I live alone in a decent sized place (1340 sq ft) so have some room.  I have a 3 x 6-1/2' x 7-1/2' flowering space with a 1000W HPS, a 2 x 4 x 4 space for vegging with a 4' 4 tube T5 and a 2 x 2 x 4 space for cloning with CFLs.


----------



## ChatNoir (Aug 16, 2008)

The Hemp Goddess said:
			
		

> I live alone in a decent sized place (1340 sq ft) so have some room.  I have a 3 x 6-1/2' x 7-1/2' flowering space with a 1000W HPS, a 2 x 4 x 4 space for vegging with a 4' 4 tube T5 and a 2 x 2 x 4 space for cloning with CFLs.



Isn't 4x250W better than 1000W for homogeneous lighting?

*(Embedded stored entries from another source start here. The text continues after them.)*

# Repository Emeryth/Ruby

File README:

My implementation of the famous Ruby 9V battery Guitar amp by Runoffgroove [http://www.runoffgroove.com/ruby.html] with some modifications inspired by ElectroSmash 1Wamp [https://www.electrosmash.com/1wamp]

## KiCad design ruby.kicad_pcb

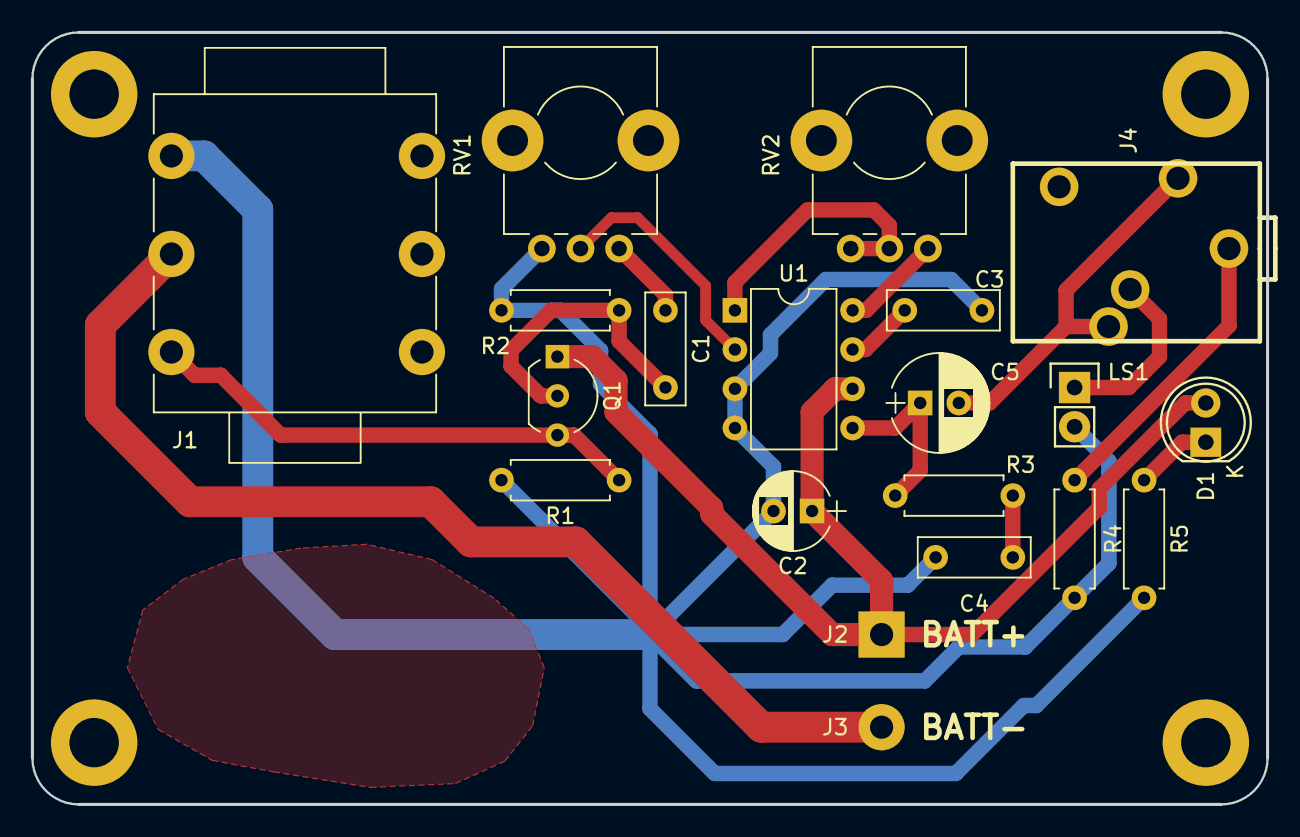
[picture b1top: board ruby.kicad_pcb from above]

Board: 2 copper layers, 80.0 x 50.0 mm, 20 parts (0 on the bottom side), 16 nets.

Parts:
C1, C4: 47n; C_Rect_L7.2mm_W2.5mm_P5.00mm_FKS2_FKP2_MKS2_MKP2
C2: 100u; CP_Radial_D5.0mm_P2.50mm
C3: 100n; C_Rect_L7.2mm_W2.5mm_P5.00mm_FKS2_FKP2_MKS2_MKP2
C5: 220u; CP_Radial_D6.3mm_P2.50mm
D1: LED; LED-5MM
J1: INPUT JACK; NMJ6HCD2
J2: BATT+; Measurement_Point_Square-TH_Big
J3: BATT-; Measurement_Point_Round-TH_Big
J4: HEADPHONE JACK; jack3.5-stereo-5
LS1: Speaker; Pin_Header_Straight_1x02
Q1: MPF102; TO-92_Inline_Wide
R1: 1M5; R_Axial_DIN0207_L6.3mm_D2.5mm_P7.62mm_Horizontal
R2: 3k9; R_Axial_DIN0207_L6.3mm_D2.5mm_P7.62mm_Horizontal
R3: 10; R_Axial_DIN0207_L6.3mm_D2.5mm_P7.62mm_Horizontal
R4: 1k; R_Axial_DIN0207_L6.3mm_D2.5mm_P7.62mm_Horizontal
R5: 6k8; R_Axial_DIN0207_L6.3mm_D2.5mm_P7.62mm_Horizontal
RV1: 10k-B; Potentiometer_Alps_RK09K_Horizontal
RV2: 1k; Potentiometer_Alps_RK09K_Horizontal
U1: LM386; DIP-8_W7.62mm

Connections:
+BATT: C2.1, D1.2, J2.1, Q1.1, U1.6
-BATT: J1.2, J3.1
/INPUT: J1.1, Q1.3, R1.1
/OUTPUT: C5.2, J4.1, J4.2
GND: C2.2, C3.1, C4.2, J1.3, LS1.2, R1.2, R2.2, R4.2, R5.2, RV1.3, U1.3, U1.4
unnamed: C1.1, RV1.1
unnamed: C1.2, Q1.2, R2.1
unnamed: C3.2, U1.7
unnamed: C4.1, R3.2
unnamed: C5.1, R3.1, U1.5
unnamed: D1.1, R5.1
unnamed: J4.3, R4.1
unnamed: J4.4, LS1.1
unnamed: RV1.2, U1.2
unnamed: RV2.1, U1.8
unnamed: RV2.2, RV2.3, U1.1

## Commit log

2018-01-15 Migrate to new eeschema format
2018-01-15 Add readme and pictures

P.S I felt ashamed by wasting my space, my home is 1333sq ft and I live alone, growing in a closet instead of hole room =(


----------



## KGB30 (Aug 16, 2008)

ChatNoir said:
			
		

> Your situation is problematic mate, not mine.


 

I feel the love buddy..lol


----------



## ChatNoir (Aug 16, 2008)

KGB30 said:
			
		

> I feel the love buddy..lol



That is another story, I feel cold walls, living alone in a huge place takes the toll... Anyways, I will devote rooms to my babies, ones step at a time.


----------